• [YOUR INSTRUCTIONS]
The entries below contain a stretch that opens with the line containing "X8.463 Y8.663 Z143.463" and closes with the line containing "X-1.499 Y0.033 Z133.5"; set down that stretch exactly, both ends included, and nothing else.

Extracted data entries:
-----

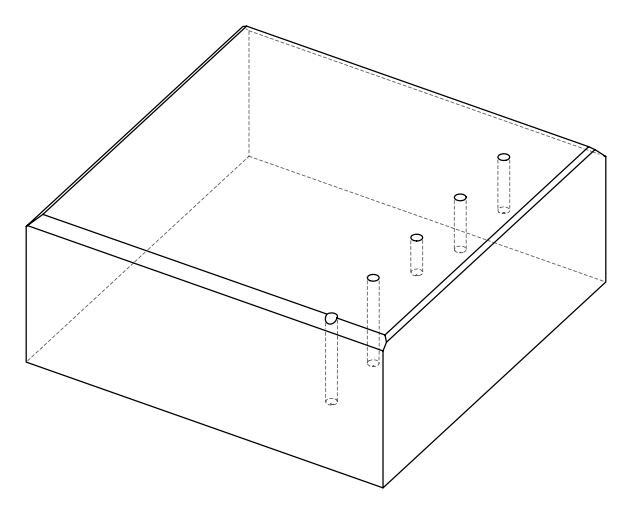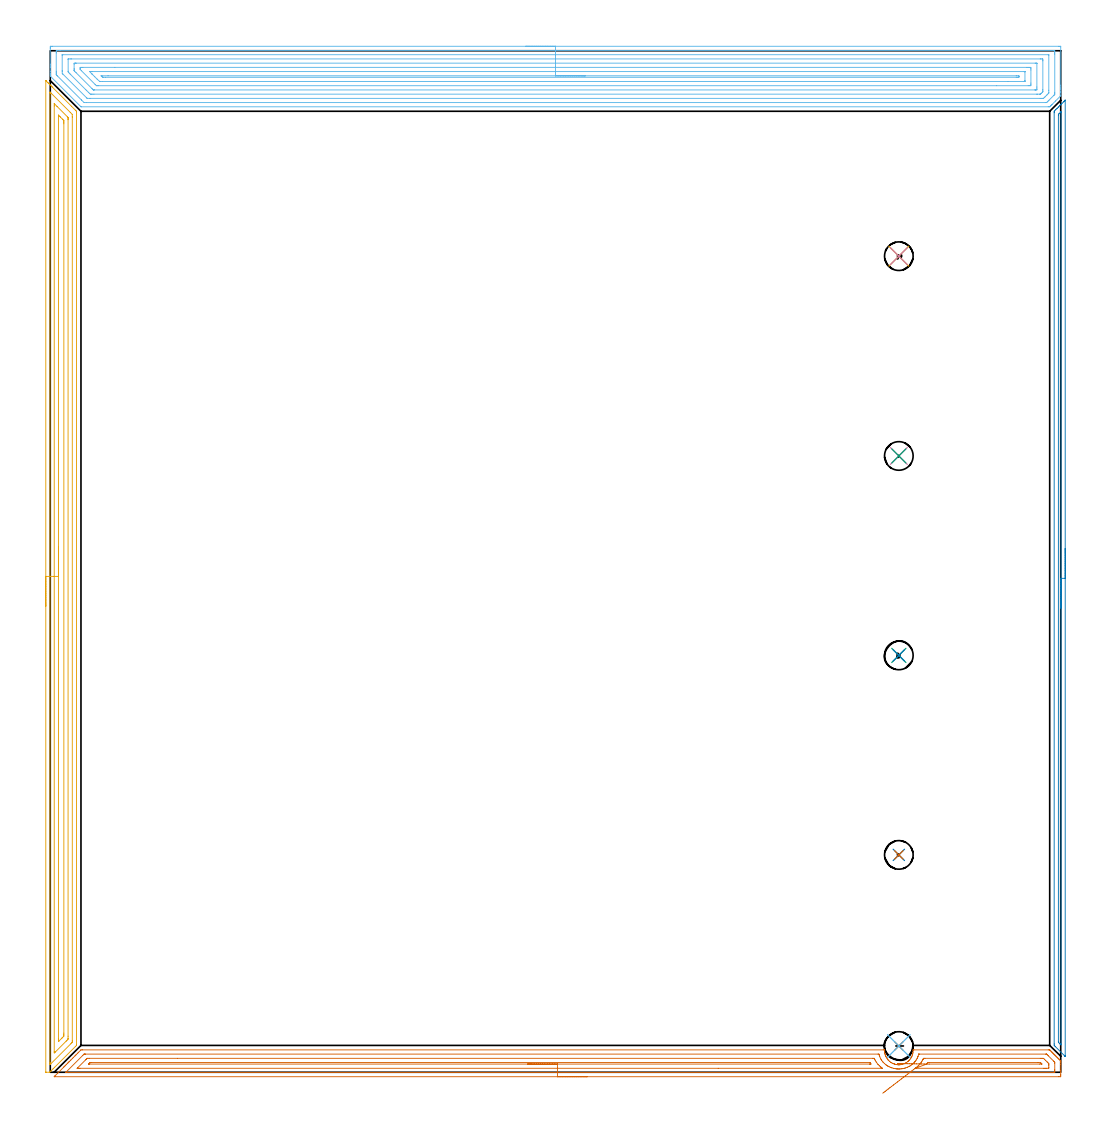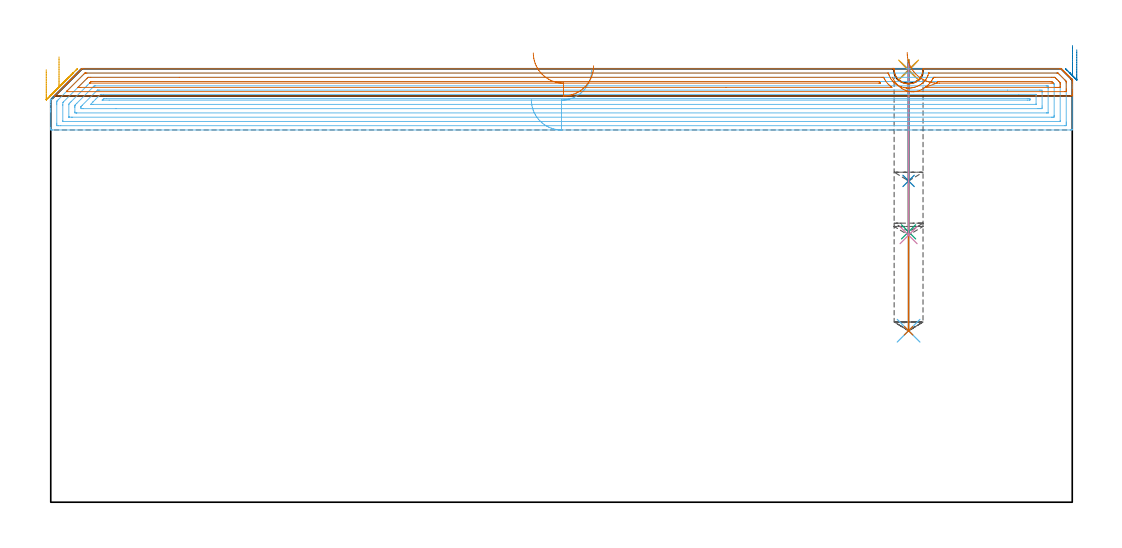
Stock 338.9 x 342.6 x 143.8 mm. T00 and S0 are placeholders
(PLAN: 14 operations, 2 tool changes, 49.8 min)
(1 SPOT_DRILL | STEP1POCKET | NXT0321_9005460120000 | 0.03 min | 1 mm3)
(2 SPOT_DRILL_1 | STEP1POCKET_1 | NXT0321_9005460120000 | 0.03 min | 2 mm3)
(3 SPOT_DRILL_2 | STEP1POCKET_2 | NXT0321_9005460120000 | 0.03 min | 0 mm3)
(4 SPOT_DRILL_3 | STEP1POCKET_3 | NXT0321_9005460120000 | 0.03 min | 1 mm3)
(5 SPOT_DRILL_4 | STEP1POCKET_4 | NXT0321_9005460120000 | 0.03 min | 1 mm3)
(6 DRILL_BLIND_HOLE_INTO_CENTER | STEP1POCKET | UGT0301_491 | 0.36 min | 6125 mm3)
(7 DRILL_BLIND_HOLE_INTO_CENTER_1 | STEP1POCKET_1 | UGT0301_491 | 0.36 min | 6128 mm3)
(8 DRILL_BLIND_HOLE_INTO_CENTER_2 | STEP1POCKET_2 | UGT0301_491 | 0.16 min | 2543 mm3)
(9 DRILL_BLIND_HOLE_INTO_CENTER_3 | STEP1POCKET_3 | UGT0301_491 | 0.23 min | 3763 mm3)
(10 DRILL_BLIND_HOLE_INTO_CENTER_4 | STEP1POCKET_4 | UGT0301_491 | 0.23 min | 3841 mm3)
(11 AREA_MILL | FG_CHAMFER_SURFACE | UGT0205_001 | 10.6 min | 17952 mm3)
(12 AREA_MILL_1 | FG_CHAMFER_SURFACE_1 | UGT0205_001 | 21.72 min | 69166 mm3)
(13 AREA_MILL_2 | FG_CHAMFER_SURFACE_2 | UGT0205_001 | 10.82 min | 13347 mm3)
(14 AREA_MILL_3 | FG_CHAMFER_SURFACE_3 | UGT0205_001 | 5.23 min | 2159 mm3)
(TOOL NXT0321_9005460120000 | NC Spot Drill, 142deg, 12mm, Carbide, Uncoated | D12 PA142 FL30 Z2)
(TOOL UGT0301_491 | Carbide Drill 9.6 mm | D9.6 PA118 FL87 Z2)
(TOOL UGT0205_001 | Chamfer Mill 20 x 3 x 45 deg. | D20 FL50 Z2)
(OP 1 SPOT_DRILL)
G17 G21 G94 G90
T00 M6
G54
G17 G0 G90 X284.6 Y8.8 S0 M3
G43 Z153.8 H0
G94 G81 G98 Z143.387 F250. R146.8
G80
M5
M2
(OP 2 SPOT_DRILL_1)
G17 G21 G94 G90
T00 M6
G54
G17 G0 G90 X284.6 Y72.9 S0 M3
G43 Z153.8 H0
G94 G81 G98 Z143.387 F250. R146.8
G80
M5
M2
(OP 3 SPOT_DRILL_2)
G17 G21 G94 G90
T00 M6
G54
G17 G0 G90 X284.6 Y139.8 S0 M3
G43 Z153.8 H0
G94 G81 G98 Z143.387 F250. R146.8
G80
M5
M2
(OP 4 SPOT_DRILL_3)
G17 G21 G94 G90
T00 M6
G54
G17 G0 G90 X284.6 Y206.7 S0 M3
G43 Z153.8 H0
G94 G81 G98 Z143.387 F250. R146.8
G80
M5
M2
(OP 5 SPOT_DRILL_4)
G17 G21 G94 G90
T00 M6
G54
G17 G0 G90 X284.6 Y273.7 S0 M3
G43 Z153.8 H0
G94 G81 G98 Z143.387 F250. R146.8
G80
M5
M2
(OP 6 DRILL_BLIND_HOLE_INTO_CENTER)
G17 G21 G94 G90
T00 M6
G54
G17 G0 G90 X284.6 Y8.8 S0 M3
G43 Z153.8 H0
G94 G81 G98 Z56.9 F250. R145.8
G80
M5
M2
(OP 7 DRILL_BLIND_HOLE_INTO_CENTER_1)
G17 G21 G94 G90
T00 M6
G54
G17 G0 G90 X284.6 Y72.9 S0 M3
G43 Z153.8 H0
G94 G81 G98 Z56.9 F250. R145.8
G80
M5
M2
(OP 8 DRILL_BLIND_HOLE_INTO_CENTER_2)
G17 G21 G94 G90
T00 M6
G54
G17 G0 G90 X284.6 Y139.8 S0 M3
G43 Z153.8 H0
G94 G81 G98 Z106.6 F250. R145.8
G80
M5
M2
(OP 9 DRILL_BLIND_HOLE_INTO_CENTER_3)
G17 G21 G94 G90
T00 M6
G54
G17 G0 G90 X284.6 Y206.7 S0 M3
G43 Z153.8 H0
G94 G81 G98 Z89.7 F250. R145.8
G80
M5
M2
(OP 10 DRILL_BLIND_HOLE_INTO_CENTER_4)
G17 G21 G94 G90
T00 M6
G54
G17 G0 G90 X284.6 Y273.7 S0 M3
G43 Z153.8 H0
G94 G81 G98 Z88.6 F250. R145.8
G80
M5
M2
(OP 11 AREA_MILL)
G17 G21 G94 G90
T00 M6
G54
G17 G0 G90 X-1.5 Y156.3 S1061 M3
G43 Z153.8 H0
Z143.5
G94 G1 Y156.338 Z142.629 F250.
Y156.452 Z141.764
Y156.641 Z140.912
Y156.903 Z140.08
Y157.237 Z139.274
Y157.64 Z138.5
Y158.108 Z137.764
Y158.639 Z137.072
Y159.229 Z136.429
Y159.872 Z135.84
Y160.564 Z135.309
Y161.3 Z134.84
Y162.074 Z134.437
Y162.88 Z134.103
Y163.712 Z133.841
Y164.563 Z133.652
Y165.428 Z133.538
Y166.3 Z133.5
X-1.499 Y332.58 Z133.499
X-1.495 Y332.583 Z133.504
X-1.483 Y332.58 Z133.516
X-1.35 Y332.45 Z133.649
X-0.883 Y331.984 Z134.115
X-0.719 Y331.822 Z134.276
X-0.562 Y331.663 Z134.436
X-0.437 Y331.538 Z134.561
X-0.282 Y331.384 Z134.713
X-0.134 Y331.235 Z134.864
X0.01 Y331.091 Z135.008
X0.155 Y330.947 Z135.15
X0.294 Y330.808 Z135.291
X0.456 Y330.645 Z135.454
X0.592 Y330.51 Z135.588
X0.721 Y330.38 Z135.719
X7.136 Y323.964 Z142.136
X8.456 Y322.645 Z143.454
X8.495 Y322.606 Z143.493
X8.725 Y322.373 Z143.722
X8.797 Y322.295 Z143.789
X8.8 Y322.159 Z143.8
Y9.1
X8.796 Y9.006 Z143.789
X8.749 Y8.951 Z143.746
X8.463 Y8.663 Z143.463
X1.466 Y1.664 Z136.462
X1.078 Y1.278 Z136.078
X0.972 Y1.172 Z135.972
X0.3 Y0.499 Z135.297
X0.119 Y0.317 Z135.116
X0.009 Y0.207 Z135.005
X-0.182 Y0.02 Z134.815
X-0.208 Y0.002 Z134.788
X-0.282 Y0. Z134.716
X-0.311 Z134.688
X-1.37 Z133.63
X-1.494 Y0.01 Z133.505
X-1.499 Y0.033 Z133.5
X-1.5 Y166.3
X-0.086 Z134.914
X-0.085 Y328.412 Z134.915
X-0.083 Y328.614 Z134.917
X-0.08 Y328.712 Z134.92
X-0.078 Y328.717 Z134.922
X-0.063 Y328.706 Z134.937
X-0.034 Y328.68 Z134.966
X0.239 Y328.412 Z135.239
X6.708 Y321.941 Z141.708
X7.377 Y321.266 Z142.377
X7.384 Y320.575 Z142.384
X7.385 Y320.373 Z142.385
Y10.641
X7.384 Y10.44 Z142.384
X7.38 Y10.094 Z142.38
X7.379 Y10.054 Z142.379
X7.364 Y10.025 Z142.364
X7.318 Y9.975 Z142.318
X7.242 Y9.895 Z142.242
X6.897 Y9.547 Z141.897
X0.176 Y2.826 Z135.176
X0.088 Y2.74 Z135.088
X-0.021 Y2.636 Z134.979
X-0.067 Y2.594 Z134.933
X-0.079 Y2.59 Z134.921
X-0.08 Y2.626 Z134.92
X-0.083 Y2.737 Z134.917
X-0.085 Y3.093 Z134.915
Y3.295
X-0.086 Y166.3 Z134.914
X1.329 Z136.329
Y324.085
X1.333 Y324.839 Z136.333
X1.334 Y324.845 Z136.334
X1.354 Y324.839 Z136.354
X1.466 Y324.732 Z136.466
X2.255 Y323.946 Z137.255
X5.834 Y320.366 Z140.834
X5.94 Y320.252 Z140.94
X5.963 Y320.226 Z140.963
X5.967 Y320.087 Z140.967
X5.97 Y319.9 Z140.97
X5.971 Y319.62 Z140.971
Y319.48
Y12.087
X5.968 Y11.333 Z140.968
X5.966 Y11.199 Z140.966
X5.959 Y11.07 Z140.959
X5.834 Y10.94 Z140.834
X5.59 Y10.691 Z140.59
X5.341 Y10.44 Z140.341
X1.768 Y6.867 Z136.768
X1.613 Y6.717 Z136.613
X1.466 Y6.576 Z136.466
X1.336 Y6.466 Z136.336
X1.331 Y6.728 Z136.331
X1.33 Y6.867 Z136.33
X1.329 Y166.3 Z136.329
X2.743 Z137.743
Y320.965
X2.745 Y320.987 Z137.745
X2.747 Y320.989 Z137.747
X2.754 Y320.986 Z137.754
X3.054 Y320.695 Z138.054
X3.213 Y320.538 Z138.213
X3.378 Y320.373 Z138.378
X4.087 Y319.664 Z139.087
X4.269 Y319.48 Z139.269
X4.46 Y319.279 Z139.46
X4.55 Y319.174 Z139.55
X4.553 Y319.119 Z139.553
X4.556 Y319. Z139.556
X4.557 Y318.587 Z139.557
Y318.106
Y13.12
X4.556 Y12.64 Z139.556
X4.552 Y12.227 Z139.552
X4.55 Y12.111 Z139.55
X4.476 Y12.031 Z139.476
X4.378 Y11.929 Z139.378
X4.087 Y11.636 Z139.087
X3.938 Y11.486 Z138.938
X2.892 Y10.44 Z137.892
X2.84 Y10.39 Z137.84
X2.808 Y10.361 Z137.808
X2.761 Y10.321 Z137.761
X2.75 Y10.378 Z137.75
X2.747 Y10.44 Z137.747
X2.744 Y10.579 Z137.744
X2.743 Y10.921 Z137.743
Y11.333
Y166.3
Y167.171 Z137.781
Y168.036 Z137.895
Y168.888 Z138.084
Y169.72 Z138.346
Y170.526 Z138.68
Y171.3 Z139.083
Y172.036 Z139.551
Y172.728 Z140.082
Y173.371 Z140.672
Y173.96 Z141.315
Y174.491 Z142.007
Y174.96 Z142.743
Y175.363 Z143.517
Y175.697 Z144.323
Y175.959 Z145.155
Y176.148 Z146.006
Y176.262 Z146.871
Y176.3 Z147.743
G0 Z153.8
M5
M2
(OP 12 AREA_MILL_1)
G17 G21 G94 G90
T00 M6
G54
G17 G0 G90 X159.45 Y344.1 S1061 M3
G43 Z153.8 H0
Z133.5
G94 G1 X159.488 Z132.628 F250.
X159.602 Z131.764
X159.791 Z130.912
X160.053 Z130.08
X160.387 Z129.274
X160.79 Z128.5
X161.258 Z127.764
X161.79 Z127.072
X162.379 Z126.429
X163.022 Z125.84
X163.714 Z125.309
X164.45 Z124.84
X165.224 Z124.437
X166.03 Z124.103
X166.862 Z123.841
X167.714 Z123.652
X168.578 Z123.538
X169.45 Z123.5
X338.283
X338.722 Y344.096 Z123.503
X338.89 Y344.092 Z123.506
X338.9 Y343.919 Z123.678
Y331.033 Z136.562
Y330.424 Z137.17
Y329.879 Z137.718
Y329.542 Z138.054
Y328.997 Z138.599
Y328.661 Z138.934
X338.899 Y327.559 Z140.04
X338.897 Y327.507 Z140.09
X338.878 Y327.477 Z140.121
X337.153 Y325.752 Z141.847
X335.993 Y324.592 Z143.007
X335.948 Y324.547 Z143.05
X335.901 Y324.5 Z143.099
X335.703 Y324.302 Z143.297
X335.654 Y324.253 Z143.344
X335.603 Y324.202 Z143.396
X335.337 Y323.937 Z143.663
X335.222 Y323.824 Z143.775
X335.2 Y323.807 Z143.793
X334.71 Y323.8 Z143.8
X10.443
X10.306 Y323.804 Z143.79
X10.133 Y323.967 Z143.633
X0.096 Y334.003 Z133.595
X0.01 Y334.09 Z133.507
X0.001 Y334.335 Z133.261
X0. Y334.623 Z132.976
Y335.04 Z132.56
Y335.713 Z131.882
Y336.931 Z130.666
Y337.476 Z130.118
Y338.085 Z129.51
Y343.375 Z124.223
X0.003 Y343.647 Z123.95
X0.01 Y344.092 Z123.506
X0.163 Y344.095 Z123.503
X0.617 Y344.1 Z123.5
X169.45
Y342.686 Z124.914
X336.496 Y342.685 Z124.915
X336.578 Y342.684 Z124.916
X336.866 Y342.679 Z124.921
X336.89 Y342.585 Z125.015
X336.897 Y342.37 Z125.23
X336.899 Y341.884 Z125.716
X336.9 Y341.486 Z126.114
Y328.661 Z138.939
X336.898 Y328.264 Z139.336
X336.893 Y328.021 Z139.579
X336.89 Y327.962 Z139.638
X336.852 Y327.913 Z139.687
X336.726 Y327.779 Z139.821
X336.613 Y327.664 Z139.936
X336.496 Y327.546 Z140.054
X334.966 Y326.016 Z141.584
X334.71 Y325.759 Z141.841
X334.393 Y325.447 Z142.153
X334.197 Y325.256 Z142.344
X334.164 Y325.226 Z142.374
X334.12 Y325.221 Z142.379
X334.019 Y325.218 Z142.382
X333.816 Y325.215 Z142.385
X333.735 Y325.214 Z142.386
X12.149 Y325.215 Z142.385
X11.337 Y325.221 Z142.379
X10.534 Y326.016 Z141.584
X10.443 Y326.106 Z141.494
X2.404 Y334.147 Z133.453
X2.065 Y334.494 Z133.106
X2.025 Y334.536 Z133.064
X2.01 Y334.593 Z133.007
X2.005 Y334.699 Z132.901
X2.002 Y334.832 Z132.768
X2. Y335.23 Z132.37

-----

• [TASK RESPONSE]
X8.463 Y8.663 Z143.463
X1.466 Y1.664 Z136.462
X1.078 Y1.278 Z136.078
X0.972 Y1.172 Z135.972
X0.3 Y0.499 Z135.297
X0.119 Y0.317 Z135.116
X0.009 Y0.207 Z135.005
X-0.182 Y0.02 Z134.815
X-0.208 Y0.002 Z134.788
X-0.282 Y0. Z134.716
X-0.311 Z134.688
X-1.37 Z133.63
X-1.494 Y0.01 Z133.505
X-1.499 Y0.033 Z133.5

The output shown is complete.